# Question about how 'probable cause' works for my story.



## ironpony (May 19, 2016)

In my story, I wrote it so that a cop is on duty getting some lunch or taking a break, and sees something that makes him suspicious. He sees two men frisk another guy for weapons or a wire. So he thinks that maybe something questionable may be going on.

He decides to watch as and follow discretely, possibly radioing it in, in the process.

The men then get in their cars and drive a short distance to a private residence, like a house or something like that. 

After waiting for them to go inside, the cop looks around through the windows but does not see anything. He goes around the corner to a small basement window, with a small opening. He looks inside, and sees a tied up hostage, and there is a kidnapping in progress, with the hostage tied up, and possibly blindfolded too, struggling to get out.

So the cop radios for back up again, and intervenes, when he sees that the hostage may be about to be harmed, and manages to save her, but also manages to arrest one of the kidnappers.

They charge him with kidnapping and other kidnapping related offences. But I was told by a lawyer, when doing some fact checking that the charges would not hold up in a court of law, because the cop had no probable cause.

Since the cop had to look around the house and look into a basement window to see the kidnapping, the probable cause is not 'immediately apparent', as the lawyer said, and the probable cause has to be immediately apparent for the charges to be stick and do any good.

What do you think? Is their a way to write it so the cop can discover a kidnapping that would not be in plain immediately apparent view, and on a private residence, where the suspect could be charged and have it hold up?


----------



## InstituteMan (May 19, 2016)

You probably should just get a criminal procedure nutshell, which is sort of like crib notes for law school. It isn't the so-called Black Letter Law, but it will get you close.


----------



## ironpony (May 20, 2016)

InstituteMan said:


> You probably should just get a criminal procedure nutshell, which is sort of like crib notes for law school. It isn't the so-called Black Letter Law, but it will get you close.

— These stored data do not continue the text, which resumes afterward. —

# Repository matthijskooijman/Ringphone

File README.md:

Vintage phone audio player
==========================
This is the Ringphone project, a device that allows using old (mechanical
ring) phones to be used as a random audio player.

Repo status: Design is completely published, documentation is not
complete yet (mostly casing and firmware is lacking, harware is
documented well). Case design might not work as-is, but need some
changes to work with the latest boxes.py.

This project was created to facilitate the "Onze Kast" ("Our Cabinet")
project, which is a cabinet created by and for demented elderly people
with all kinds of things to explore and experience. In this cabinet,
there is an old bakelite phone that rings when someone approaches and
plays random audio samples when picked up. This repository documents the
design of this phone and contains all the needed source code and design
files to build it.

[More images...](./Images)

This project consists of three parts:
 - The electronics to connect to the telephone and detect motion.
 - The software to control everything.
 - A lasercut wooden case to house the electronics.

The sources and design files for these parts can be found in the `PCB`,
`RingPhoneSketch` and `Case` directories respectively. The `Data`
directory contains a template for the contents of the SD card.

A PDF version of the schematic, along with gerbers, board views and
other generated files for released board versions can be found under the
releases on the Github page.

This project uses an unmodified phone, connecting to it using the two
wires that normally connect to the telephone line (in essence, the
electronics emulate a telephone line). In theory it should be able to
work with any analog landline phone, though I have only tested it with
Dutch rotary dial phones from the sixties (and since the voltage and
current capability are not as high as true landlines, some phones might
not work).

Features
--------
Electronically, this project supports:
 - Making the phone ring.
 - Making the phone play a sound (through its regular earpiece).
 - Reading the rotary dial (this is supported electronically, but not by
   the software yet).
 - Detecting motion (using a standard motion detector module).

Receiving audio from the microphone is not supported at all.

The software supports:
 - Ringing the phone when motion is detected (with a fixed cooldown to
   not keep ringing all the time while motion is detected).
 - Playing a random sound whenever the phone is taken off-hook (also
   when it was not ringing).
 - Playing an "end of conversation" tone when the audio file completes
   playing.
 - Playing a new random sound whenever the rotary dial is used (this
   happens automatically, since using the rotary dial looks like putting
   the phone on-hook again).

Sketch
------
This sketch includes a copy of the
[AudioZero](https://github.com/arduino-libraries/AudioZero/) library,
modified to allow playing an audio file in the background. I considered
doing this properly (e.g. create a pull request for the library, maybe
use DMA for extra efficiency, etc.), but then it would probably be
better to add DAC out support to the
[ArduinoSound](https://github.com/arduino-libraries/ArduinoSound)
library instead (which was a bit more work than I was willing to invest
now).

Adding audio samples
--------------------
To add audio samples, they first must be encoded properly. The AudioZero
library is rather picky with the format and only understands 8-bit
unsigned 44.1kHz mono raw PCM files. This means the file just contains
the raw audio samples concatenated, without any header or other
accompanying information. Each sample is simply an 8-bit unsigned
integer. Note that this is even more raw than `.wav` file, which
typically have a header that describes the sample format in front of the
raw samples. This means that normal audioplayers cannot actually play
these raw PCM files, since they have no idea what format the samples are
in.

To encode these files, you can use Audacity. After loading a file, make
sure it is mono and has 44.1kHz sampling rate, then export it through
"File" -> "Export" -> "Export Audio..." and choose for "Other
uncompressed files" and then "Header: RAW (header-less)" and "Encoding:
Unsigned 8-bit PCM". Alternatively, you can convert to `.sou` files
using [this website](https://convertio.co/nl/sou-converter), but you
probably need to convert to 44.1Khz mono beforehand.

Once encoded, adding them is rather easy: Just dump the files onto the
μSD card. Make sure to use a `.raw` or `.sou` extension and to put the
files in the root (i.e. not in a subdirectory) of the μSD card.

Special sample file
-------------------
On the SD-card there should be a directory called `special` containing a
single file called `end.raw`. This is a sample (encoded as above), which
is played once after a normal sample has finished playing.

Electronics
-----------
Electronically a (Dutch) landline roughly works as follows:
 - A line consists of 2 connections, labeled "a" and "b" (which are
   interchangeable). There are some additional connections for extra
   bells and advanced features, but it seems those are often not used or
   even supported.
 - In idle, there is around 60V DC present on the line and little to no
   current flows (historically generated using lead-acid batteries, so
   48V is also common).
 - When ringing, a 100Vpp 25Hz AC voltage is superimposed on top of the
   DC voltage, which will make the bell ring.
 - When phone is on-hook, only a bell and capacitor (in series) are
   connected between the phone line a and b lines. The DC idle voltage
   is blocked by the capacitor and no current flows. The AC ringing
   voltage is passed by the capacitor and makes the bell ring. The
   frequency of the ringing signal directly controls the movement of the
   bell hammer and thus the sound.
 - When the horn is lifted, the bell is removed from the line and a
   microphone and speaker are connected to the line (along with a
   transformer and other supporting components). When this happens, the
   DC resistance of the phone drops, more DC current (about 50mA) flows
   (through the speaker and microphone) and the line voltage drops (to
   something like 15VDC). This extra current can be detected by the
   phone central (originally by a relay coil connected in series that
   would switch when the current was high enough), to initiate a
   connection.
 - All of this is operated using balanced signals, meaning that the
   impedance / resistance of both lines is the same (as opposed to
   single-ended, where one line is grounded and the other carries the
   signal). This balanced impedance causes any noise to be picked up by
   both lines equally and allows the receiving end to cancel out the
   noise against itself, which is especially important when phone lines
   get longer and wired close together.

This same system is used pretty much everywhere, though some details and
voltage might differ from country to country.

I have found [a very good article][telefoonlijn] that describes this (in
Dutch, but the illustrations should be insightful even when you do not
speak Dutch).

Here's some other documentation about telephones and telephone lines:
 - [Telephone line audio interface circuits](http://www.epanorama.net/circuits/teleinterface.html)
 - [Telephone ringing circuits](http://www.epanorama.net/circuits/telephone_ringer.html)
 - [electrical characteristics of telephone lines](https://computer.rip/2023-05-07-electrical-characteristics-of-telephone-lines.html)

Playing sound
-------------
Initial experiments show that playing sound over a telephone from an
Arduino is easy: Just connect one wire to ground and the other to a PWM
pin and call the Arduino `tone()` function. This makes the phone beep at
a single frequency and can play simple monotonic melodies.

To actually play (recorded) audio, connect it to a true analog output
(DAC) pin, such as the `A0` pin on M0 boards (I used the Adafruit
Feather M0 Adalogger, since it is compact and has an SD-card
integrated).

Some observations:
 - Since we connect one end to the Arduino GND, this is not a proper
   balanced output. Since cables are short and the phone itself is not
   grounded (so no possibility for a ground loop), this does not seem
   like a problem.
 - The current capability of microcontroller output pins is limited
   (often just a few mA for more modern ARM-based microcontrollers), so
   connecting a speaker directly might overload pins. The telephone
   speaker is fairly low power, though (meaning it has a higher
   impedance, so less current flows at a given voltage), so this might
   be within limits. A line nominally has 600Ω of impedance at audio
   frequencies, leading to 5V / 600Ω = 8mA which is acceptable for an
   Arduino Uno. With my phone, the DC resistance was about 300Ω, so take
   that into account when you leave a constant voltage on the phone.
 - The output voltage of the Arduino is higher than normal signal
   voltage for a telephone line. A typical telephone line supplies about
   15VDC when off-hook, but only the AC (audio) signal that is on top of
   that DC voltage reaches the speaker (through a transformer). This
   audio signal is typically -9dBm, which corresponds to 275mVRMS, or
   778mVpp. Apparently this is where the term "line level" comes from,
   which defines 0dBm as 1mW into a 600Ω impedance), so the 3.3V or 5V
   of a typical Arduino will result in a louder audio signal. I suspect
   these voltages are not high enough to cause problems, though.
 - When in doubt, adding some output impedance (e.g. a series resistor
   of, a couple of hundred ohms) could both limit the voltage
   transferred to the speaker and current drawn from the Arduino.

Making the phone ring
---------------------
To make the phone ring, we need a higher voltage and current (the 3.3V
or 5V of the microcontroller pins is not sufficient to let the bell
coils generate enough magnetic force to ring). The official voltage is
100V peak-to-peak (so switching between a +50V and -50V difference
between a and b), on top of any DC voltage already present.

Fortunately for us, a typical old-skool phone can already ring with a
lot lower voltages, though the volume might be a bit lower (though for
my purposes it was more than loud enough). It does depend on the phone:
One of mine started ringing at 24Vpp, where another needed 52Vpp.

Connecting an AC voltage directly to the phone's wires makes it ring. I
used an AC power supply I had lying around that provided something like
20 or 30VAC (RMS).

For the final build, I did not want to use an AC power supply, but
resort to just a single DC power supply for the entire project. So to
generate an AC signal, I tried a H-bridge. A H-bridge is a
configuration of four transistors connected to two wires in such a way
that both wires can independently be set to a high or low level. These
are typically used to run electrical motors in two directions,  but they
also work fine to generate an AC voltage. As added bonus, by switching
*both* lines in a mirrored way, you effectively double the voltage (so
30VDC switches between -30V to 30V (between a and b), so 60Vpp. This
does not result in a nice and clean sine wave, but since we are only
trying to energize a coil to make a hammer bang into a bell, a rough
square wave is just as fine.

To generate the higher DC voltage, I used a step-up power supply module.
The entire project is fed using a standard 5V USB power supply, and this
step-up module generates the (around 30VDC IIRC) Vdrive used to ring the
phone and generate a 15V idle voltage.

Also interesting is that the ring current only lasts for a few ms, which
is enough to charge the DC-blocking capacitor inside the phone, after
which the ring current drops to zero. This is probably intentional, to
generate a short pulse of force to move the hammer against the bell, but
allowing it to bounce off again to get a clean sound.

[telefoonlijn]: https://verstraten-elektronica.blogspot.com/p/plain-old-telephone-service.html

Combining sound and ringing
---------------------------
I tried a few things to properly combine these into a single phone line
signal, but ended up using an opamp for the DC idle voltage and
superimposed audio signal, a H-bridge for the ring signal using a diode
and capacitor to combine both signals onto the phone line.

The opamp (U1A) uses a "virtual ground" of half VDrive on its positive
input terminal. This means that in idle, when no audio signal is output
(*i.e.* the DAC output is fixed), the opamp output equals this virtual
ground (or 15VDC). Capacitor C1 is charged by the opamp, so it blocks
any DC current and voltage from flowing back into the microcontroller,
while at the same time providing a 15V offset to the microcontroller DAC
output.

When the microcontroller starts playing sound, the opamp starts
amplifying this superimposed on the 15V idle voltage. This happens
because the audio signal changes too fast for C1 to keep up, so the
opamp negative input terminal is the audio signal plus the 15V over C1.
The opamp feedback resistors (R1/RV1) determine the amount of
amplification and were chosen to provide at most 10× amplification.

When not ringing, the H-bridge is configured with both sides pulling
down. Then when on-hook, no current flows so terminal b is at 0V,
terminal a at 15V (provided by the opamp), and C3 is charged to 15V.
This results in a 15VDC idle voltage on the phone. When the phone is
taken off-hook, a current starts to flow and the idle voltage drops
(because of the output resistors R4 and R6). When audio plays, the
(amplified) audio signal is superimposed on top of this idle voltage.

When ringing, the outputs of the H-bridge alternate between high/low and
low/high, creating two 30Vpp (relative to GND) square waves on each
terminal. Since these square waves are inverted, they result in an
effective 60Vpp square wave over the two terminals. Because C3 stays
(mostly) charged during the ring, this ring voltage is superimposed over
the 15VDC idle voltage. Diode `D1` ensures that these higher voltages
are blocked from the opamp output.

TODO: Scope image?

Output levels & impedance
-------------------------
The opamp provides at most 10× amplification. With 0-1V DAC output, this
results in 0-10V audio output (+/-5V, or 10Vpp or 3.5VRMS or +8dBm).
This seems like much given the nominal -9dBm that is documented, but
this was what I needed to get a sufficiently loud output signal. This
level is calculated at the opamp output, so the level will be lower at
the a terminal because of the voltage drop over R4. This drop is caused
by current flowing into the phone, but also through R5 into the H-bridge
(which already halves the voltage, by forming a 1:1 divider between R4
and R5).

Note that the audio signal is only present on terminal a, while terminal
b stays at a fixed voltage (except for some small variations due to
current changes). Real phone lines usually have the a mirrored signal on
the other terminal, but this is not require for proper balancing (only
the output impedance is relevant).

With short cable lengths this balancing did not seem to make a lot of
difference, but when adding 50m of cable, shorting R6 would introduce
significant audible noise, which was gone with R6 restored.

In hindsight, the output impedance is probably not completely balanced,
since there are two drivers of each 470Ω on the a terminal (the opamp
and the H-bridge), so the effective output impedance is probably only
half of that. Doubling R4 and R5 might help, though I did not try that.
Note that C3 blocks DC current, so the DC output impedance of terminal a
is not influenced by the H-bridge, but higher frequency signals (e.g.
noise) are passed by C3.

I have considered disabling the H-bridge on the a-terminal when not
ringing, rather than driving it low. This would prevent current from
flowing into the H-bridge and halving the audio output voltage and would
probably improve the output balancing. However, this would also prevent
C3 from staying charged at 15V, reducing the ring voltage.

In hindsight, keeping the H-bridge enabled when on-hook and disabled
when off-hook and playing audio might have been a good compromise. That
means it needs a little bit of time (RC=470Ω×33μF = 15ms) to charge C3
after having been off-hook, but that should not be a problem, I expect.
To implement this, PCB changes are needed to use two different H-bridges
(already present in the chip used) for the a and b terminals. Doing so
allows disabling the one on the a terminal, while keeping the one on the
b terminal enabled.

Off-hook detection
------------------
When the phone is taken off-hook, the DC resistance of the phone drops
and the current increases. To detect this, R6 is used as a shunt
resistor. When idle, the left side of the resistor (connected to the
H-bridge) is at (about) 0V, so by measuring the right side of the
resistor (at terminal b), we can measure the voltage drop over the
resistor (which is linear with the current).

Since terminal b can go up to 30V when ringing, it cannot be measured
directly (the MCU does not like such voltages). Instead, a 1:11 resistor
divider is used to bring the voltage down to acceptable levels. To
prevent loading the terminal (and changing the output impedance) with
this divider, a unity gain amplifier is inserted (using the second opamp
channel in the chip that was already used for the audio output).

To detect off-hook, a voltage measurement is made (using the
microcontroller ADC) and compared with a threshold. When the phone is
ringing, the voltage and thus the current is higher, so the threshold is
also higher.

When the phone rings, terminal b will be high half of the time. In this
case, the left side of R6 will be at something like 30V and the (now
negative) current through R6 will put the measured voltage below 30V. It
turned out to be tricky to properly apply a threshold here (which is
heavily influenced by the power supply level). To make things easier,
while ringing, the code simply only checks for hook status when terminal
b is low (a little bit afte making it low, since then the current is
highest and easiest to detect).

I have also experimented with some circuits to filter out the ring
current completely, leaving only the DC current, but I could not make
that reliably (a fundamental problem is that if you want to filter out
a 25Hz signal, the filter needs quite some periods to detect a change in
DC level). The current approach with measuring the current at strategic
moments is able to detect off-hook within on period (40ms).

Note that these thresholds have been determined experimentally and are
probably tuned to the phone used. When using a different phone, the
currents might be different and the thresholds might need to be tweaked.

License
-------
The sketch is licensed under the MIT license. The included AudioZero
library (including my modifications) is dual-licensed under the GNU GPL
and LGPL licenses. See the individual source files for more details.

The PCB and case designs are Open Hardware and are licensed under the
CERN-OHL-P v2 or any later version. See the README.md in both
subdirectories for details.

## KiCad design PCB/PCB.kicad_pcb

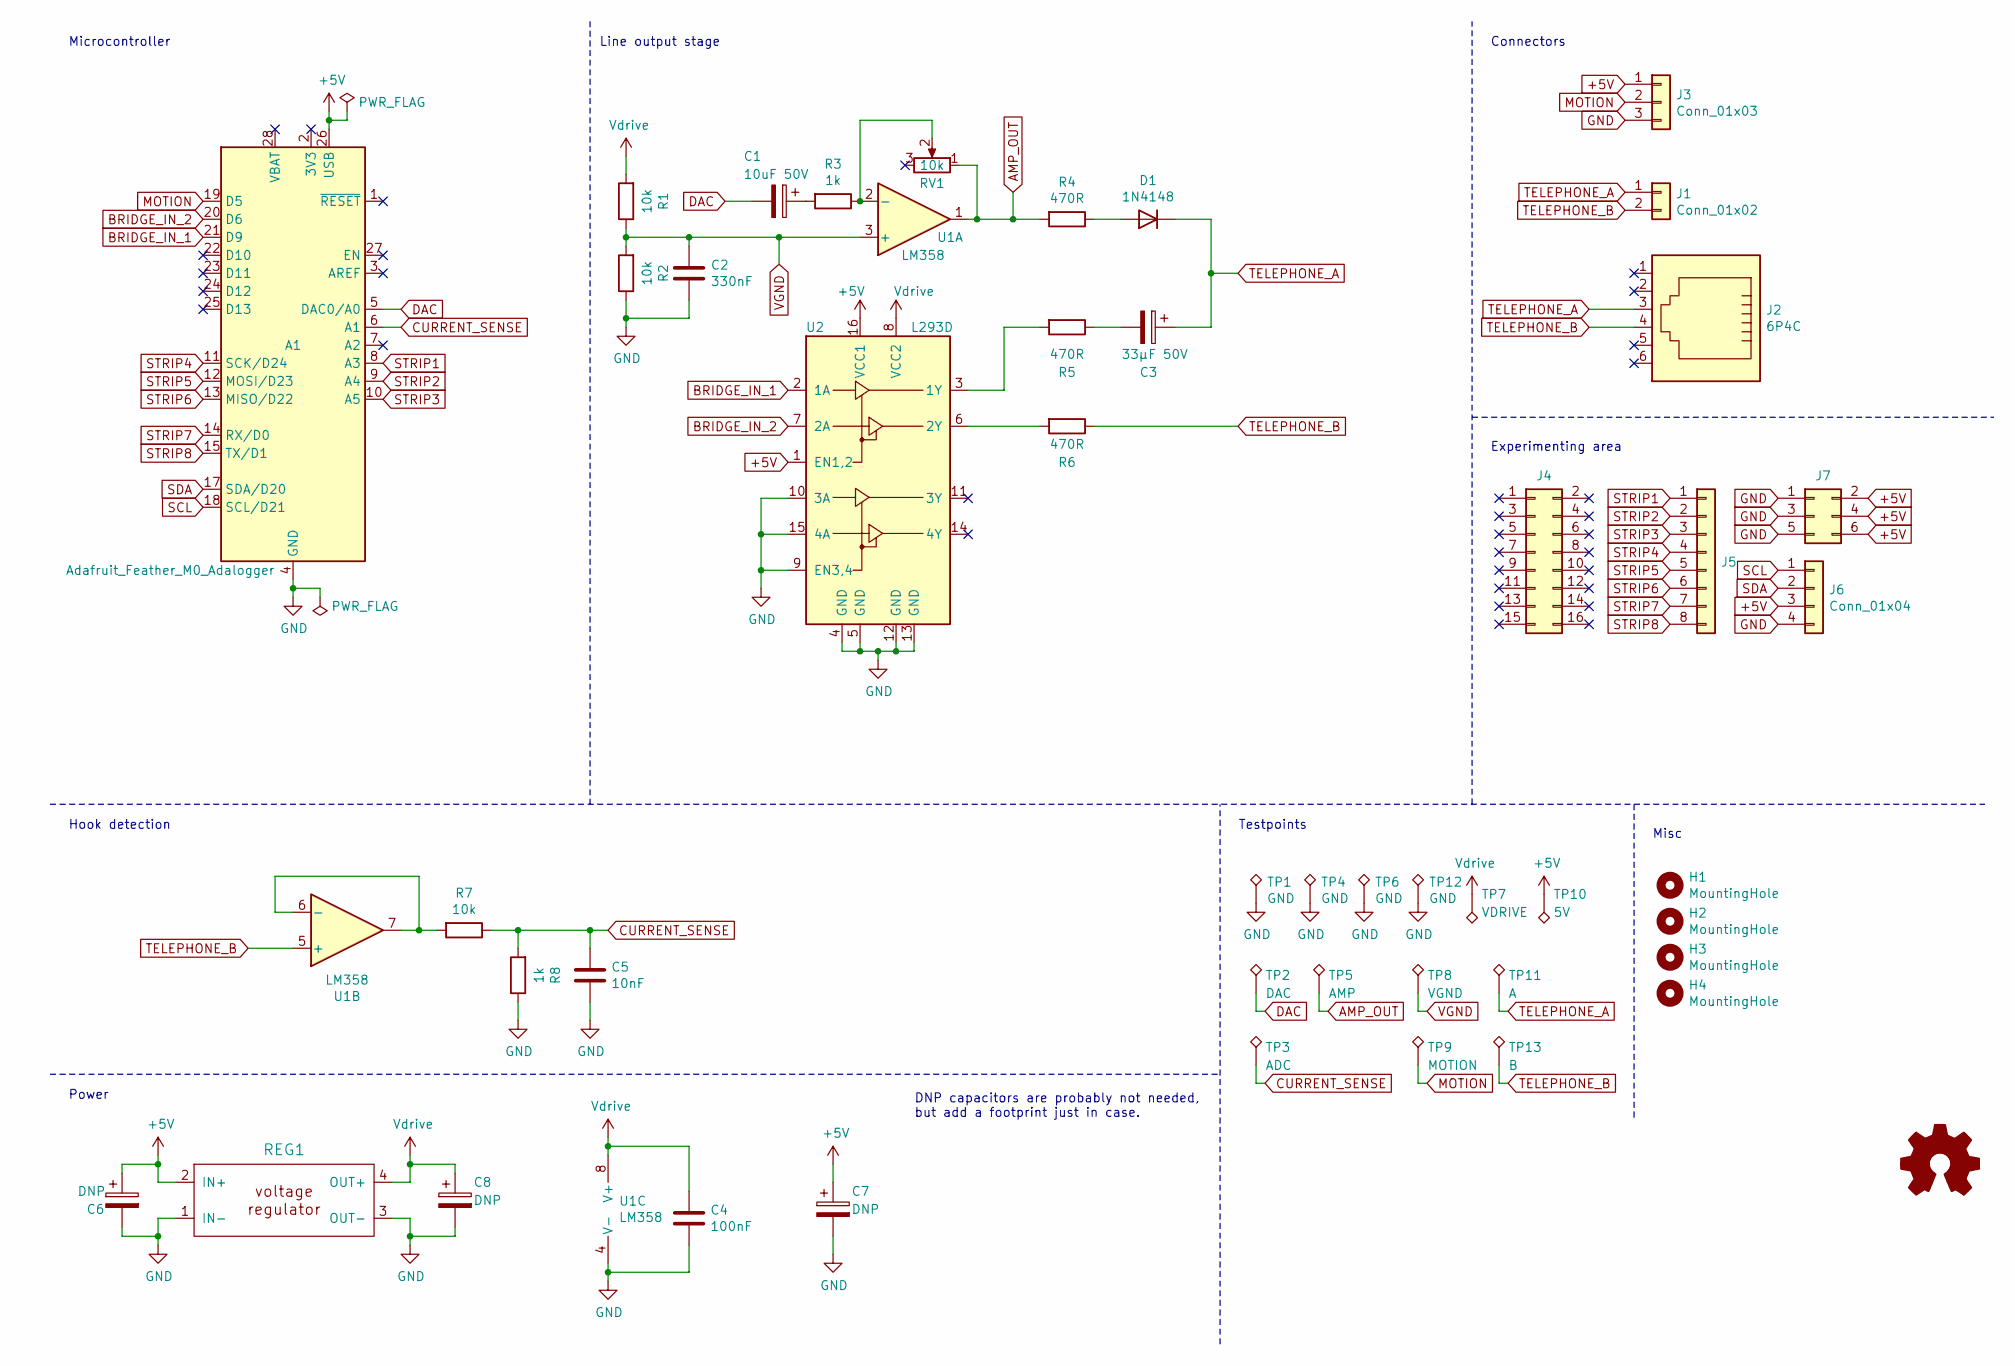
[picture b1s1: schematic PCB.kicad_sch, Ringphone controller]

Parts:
A1: Adafruit_Feather_M0_Adalogger; Adafruit_Feather
C1: 10uF 50V; CP_Radial_D5.0mm_P2.00mm
C2: 330nF; C_Disc_D7.0mm_W2.5mm_P5.00mm
C3: 33μF 50V; CP_Radial_D5.0mm_P2.00mm
C4: 100nF; C_Disc_D7.0mm_W2.5mm_P5.00mm
C5: 10nF; C_Disc_D7.0mm_W2.5mm_P5.00mm
C6, C7, C8: DNP; CP_Radial_D5.0mm_P2.00mm
D1: 1N4148; D_DO-35_SOD27_P7.62mm_Horizontal
H1, H2, H3, H4: MountingHole; MountingHole_2.7mm_M2.5
J1: Conn_01x02; PinHeader_1x02_P2.54mm_Vertical
J2: 6P4C; RJ12_Amphenol_54601-x06_Horizontal
J3: Conn_01x03; PinHeader_1x03_P2.54mm_Vertical
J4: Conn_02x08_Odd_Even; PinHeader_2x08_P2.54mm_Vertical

Okay thanks.  I read about the immediate apparent probable cause law, but there is something I do not understand.  A cop cannot go up to to house and look into the basement window to see what's going on.  If she spots a crime, and then calls it in, the evidence will not be admissible in court, because he trespassed on private land, by going up to the basement window and looking through it, in order to discover the crime.

However, the cops are allowed to go up to the front door of a building and knock on the door, to ask questions.  But what if the door is only a few feet away from the basement window.  How far away does the door have to be from the window for it to count as 'trespassing'?


----------



## Sleepwriter (May 21, 2016)

Most people would goto the front door first then if no one answered and they were reasonably sure someone was in there, goto another door.   If the cop was following someone to this house, he definitely would wait for backup before proceeding.


----------



## ironpony (May 21, 2016)

Sleepwriter said:


> Most people would goto the front door first then if no one answered and they were reasonably sure someone was in there, goto another door.   If the cop was following someone to this house, he definitely would wait for backup before proceeding.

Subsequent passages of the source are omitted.